What the exercise asks = Where in the records does the word "part" occur? Copy each line in which it does.

Data extract =
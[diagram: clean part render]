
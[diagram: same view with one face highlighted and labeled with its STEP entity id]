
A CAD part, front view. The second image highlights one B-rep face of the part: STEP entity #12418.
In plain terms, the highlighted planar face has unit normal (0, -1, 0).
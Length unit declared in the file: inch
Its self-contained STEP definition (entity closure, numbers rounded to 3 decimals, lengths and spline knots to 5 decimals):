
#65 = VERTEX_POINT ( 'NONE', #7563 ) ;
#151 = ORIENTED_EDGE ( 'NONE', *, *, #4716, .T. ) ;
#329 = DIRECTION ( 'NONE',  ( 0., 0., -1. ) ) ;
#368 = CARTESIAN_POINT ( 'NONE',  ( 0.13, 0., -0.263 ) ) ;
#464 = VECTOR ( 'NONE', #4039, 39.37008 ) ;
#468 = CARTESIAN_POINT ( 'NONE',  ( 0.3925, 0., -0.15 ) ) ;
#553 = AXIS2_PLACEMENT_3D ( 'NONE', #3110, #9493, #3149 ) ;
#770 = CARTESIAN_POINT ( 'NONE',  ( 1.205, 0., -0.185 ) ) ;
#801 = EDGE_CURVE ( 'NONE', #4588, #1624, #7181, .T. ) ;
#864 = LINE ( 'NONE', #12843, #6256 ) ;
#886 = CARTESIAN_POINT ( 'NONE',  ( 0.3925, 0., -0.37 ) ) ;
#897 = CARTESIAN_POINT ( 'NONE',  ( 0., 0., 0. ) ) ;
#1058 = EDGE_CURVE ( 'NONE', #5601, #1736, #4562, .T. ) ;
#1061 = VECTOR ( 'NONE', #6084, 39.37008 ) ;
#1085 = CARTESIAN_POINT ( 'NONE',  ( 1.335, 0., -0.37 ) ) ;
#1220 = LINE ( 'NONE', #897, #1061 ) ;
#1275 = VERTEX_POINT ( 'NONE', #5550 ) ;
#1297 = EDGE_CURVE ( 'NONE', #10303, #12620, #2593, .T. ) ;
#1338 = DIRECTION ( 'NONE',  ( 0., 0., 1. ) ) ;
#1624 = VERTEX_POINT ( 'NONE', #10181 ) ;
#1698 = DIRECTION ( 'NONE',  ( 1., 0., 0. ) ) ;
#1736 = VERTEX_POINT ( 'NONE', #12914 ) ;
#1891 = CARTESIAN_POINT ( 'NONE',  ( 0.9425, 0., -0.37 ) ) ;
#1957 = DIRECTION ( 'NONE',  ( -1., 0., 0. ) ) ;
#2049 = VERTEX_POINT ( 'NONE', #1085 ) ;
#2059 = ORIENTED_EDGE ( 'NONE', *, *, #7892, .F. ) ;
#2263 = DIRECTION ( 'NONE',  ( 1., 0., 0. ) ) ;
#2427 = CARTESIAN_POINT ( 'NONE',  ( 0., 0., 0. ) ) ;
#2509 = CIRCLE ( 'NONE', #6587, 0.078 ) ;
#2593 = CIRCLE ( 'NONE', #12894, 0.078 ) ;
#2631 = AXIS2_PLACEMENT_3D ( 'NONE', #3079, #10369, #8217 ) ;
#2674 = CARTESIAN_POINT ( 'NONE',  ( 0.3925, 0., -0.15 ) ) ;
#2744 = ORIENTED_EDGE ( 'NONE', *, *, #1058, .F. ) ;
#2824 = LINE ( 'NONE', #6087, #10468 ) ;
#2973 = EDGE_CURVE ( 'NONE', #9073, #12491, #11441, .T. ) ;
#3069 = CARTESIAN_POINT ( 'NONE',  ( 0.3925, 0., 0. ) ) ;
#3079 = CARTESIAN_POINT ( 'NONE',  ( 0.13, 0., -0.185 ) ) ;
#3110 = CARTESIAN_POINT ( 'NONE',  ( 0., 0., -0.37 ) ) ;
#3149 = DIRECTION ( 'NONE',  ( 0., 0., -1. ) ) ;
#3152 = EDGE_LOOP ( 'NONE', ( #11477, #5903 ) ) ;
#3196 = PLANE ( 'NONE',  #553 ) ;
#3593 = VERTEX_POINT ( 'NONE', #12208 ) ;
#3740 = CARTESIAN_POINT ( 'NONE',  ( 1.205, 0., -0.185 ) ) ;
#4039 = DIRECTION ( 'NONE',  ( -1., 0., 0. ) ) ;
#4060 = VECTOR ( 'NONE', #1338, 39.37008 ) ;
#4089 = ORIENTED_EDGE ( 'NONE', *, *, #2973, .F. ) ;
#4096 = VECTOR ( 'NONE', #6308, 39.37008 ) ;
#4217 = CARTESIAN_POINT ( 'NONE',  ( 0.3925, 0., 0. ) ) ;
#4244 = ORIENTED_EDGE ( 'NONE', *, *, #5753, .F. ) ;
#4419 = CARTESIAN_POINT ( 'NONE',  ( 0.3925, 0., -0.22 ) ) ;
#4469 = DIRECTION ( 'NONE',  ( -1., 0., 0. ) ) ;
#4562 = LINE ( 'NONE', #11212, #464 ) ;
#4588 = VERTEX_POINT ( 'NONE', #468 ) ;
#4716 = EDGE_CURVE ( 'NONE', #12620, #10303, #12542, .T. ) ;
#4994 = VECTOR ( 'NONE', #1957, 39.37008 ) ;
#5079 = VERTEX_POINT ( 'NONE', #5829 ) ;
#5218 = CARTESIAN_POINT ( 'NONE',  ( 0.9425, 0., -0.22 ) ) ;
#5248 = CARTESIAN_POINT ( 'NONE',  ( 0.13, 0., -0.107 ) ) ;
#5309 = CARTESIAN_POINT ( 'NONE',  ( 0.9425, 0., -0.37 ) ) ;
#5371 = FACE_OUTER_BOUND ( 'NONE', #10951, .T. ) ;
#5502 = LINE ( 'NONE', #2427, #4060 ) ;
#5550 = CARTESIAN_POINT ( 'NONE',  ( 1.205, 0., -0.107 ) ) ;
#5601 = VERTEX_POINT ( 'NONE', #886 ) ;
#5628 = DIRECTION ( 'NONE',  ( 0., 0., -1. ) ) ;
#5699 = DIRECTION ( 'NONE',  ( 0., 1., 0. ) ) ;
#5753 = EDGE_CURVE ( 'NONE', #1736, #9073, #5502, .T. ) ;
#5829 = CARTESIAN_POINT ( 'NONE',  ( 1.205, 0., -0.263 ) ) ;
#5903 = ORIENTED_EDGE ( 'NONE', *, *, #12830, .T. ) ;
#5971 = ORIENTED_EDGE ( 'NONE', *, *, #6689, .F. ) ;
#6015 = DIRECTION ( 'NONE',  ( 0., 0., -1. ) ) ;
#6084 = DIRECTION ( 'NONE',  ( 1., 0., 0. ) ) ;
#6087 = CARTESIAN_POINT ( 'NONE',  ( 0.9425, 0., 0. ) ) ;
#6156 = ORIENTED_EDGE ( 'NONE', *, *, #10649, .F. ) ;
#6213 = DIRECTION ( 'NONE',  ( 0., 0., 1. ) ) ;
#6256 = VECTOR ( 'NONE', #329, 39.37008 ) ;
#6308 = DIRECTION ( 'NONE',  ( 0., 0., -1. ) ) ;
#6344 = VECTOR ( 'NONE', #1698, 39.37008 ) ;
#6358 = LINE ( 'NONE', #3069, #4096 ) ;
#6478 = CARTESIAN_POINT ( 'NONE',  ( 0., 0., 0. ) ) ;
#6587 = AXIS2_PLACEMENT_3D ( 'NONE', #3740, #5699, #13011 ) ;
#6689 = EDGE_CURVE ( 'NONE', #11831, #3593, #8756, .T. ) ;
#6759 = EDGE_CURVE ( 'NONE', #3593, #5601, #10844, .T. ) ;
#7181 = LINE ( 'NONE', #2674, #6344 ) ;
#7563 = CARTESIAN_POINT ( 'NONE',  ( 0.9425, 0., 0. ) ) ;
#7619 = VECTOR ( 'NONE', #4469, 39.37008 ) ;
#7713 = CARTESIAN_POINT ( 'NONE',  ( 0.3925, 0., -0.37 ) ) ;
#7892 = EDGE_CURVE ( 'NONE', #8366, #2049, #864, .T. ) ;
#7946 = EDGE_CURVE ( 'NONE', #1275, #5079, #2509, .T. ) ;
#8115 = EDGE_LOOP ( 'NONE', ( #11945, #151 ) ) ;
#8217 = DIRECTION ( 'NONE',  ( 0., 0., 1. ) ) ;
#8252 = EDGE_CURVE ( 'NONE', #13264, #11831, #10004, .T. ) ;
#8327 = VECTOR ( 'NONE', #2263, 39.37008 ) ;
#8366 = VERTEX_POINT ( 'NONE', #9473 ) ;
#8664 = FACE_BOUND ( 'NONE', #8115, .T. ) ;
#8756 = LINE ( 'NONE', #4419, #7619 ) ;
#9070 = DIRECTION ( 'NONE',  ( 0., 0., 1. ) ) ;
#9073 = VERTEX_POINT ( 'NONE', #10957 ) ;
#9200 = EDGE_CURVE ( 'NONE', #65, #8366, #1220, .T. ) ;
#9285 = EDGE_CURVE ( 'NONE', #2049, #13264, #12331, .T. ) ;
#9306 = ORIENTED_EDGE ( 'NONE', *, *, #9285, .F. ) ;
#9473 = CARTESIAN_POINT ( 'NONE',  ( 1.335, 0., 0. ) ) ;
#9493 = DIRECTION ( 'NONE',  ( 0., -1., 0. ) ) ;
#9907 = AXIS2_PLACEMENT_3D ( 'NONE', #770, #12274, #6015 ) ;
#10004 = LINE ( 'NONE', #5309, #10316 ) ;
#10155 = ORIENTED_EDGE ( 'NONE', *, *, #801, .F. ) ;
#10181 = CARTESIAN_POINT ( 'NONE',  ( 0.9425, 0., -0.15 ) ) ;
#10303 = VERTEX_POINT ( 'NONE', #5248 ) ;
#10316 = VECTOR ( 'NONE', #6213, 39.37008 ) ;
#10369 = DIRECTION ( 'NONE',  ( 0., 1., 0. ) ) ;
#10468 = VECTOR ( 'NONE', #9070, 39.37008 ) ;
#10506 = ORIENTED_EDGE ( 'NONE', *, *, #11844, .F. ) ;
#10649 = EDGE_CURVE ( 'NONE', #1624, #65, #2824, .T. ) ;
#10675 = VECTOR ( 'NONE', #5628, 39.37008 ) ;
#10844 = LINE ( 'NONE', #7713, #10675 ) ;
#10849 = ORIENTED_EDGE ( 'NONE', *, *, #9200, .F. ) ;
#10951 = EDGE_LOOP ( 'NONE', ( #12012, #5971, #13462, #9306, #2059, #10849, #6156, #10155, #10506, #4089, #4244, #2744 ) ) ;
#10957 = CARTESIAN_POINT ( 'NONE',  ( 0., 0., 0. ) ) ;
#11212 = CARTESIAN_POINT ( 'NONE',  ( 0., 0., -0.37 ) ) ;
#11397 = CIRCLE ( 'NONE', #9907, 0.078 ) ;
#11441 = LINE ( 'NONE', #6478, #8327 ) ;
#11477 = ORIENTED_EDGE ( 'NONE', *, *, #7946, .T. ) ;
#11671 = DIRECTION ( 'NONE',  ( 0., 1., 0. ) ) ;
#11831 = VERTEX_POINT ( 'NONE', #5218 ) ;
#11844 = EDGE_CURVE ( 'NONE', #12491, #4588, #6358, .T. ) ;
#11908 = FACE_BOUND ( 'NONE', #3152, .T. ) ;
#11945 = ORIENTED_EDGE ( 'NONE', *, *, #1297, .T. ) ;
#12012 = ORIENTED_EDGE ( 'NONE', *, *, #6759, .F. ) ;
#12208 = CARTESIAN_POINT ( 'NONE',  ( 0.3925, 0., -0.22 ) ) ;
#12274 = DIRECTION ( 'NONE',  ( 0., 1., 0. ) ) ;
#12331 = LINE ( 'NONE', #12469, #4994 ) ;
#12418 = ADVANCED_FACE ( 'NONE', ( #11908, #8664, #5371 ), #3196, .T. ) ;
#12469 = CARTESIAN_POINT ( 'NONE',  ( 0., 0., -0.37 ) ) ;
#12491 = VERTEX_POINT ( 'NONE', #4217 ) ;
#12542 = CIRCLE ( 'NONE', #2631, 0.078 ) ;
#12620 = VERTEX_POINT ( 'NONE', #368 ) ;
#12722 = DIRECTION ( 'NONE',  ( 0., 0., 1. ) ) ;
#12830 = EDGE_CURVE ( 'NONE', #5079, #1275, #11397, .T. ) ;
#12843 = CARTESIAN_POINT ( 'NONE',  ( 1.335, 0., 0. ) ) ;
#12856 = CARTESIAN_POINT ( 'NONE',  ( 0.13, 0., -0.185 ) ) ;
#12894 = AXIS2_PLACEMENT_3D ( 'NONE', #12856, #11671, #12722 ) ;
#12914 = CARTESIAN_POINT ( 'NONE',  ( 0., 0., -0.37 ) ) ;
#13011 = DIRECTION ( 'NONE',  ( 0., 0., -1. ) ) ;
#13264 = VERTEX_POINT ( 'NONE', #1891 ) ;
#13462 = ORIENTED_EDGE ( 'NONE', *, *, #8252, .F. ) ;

Exercise output =
[diagram: clean part render]
A CAD part, front view. The second image highlights one B-rep face of the part: STEP entity #12418.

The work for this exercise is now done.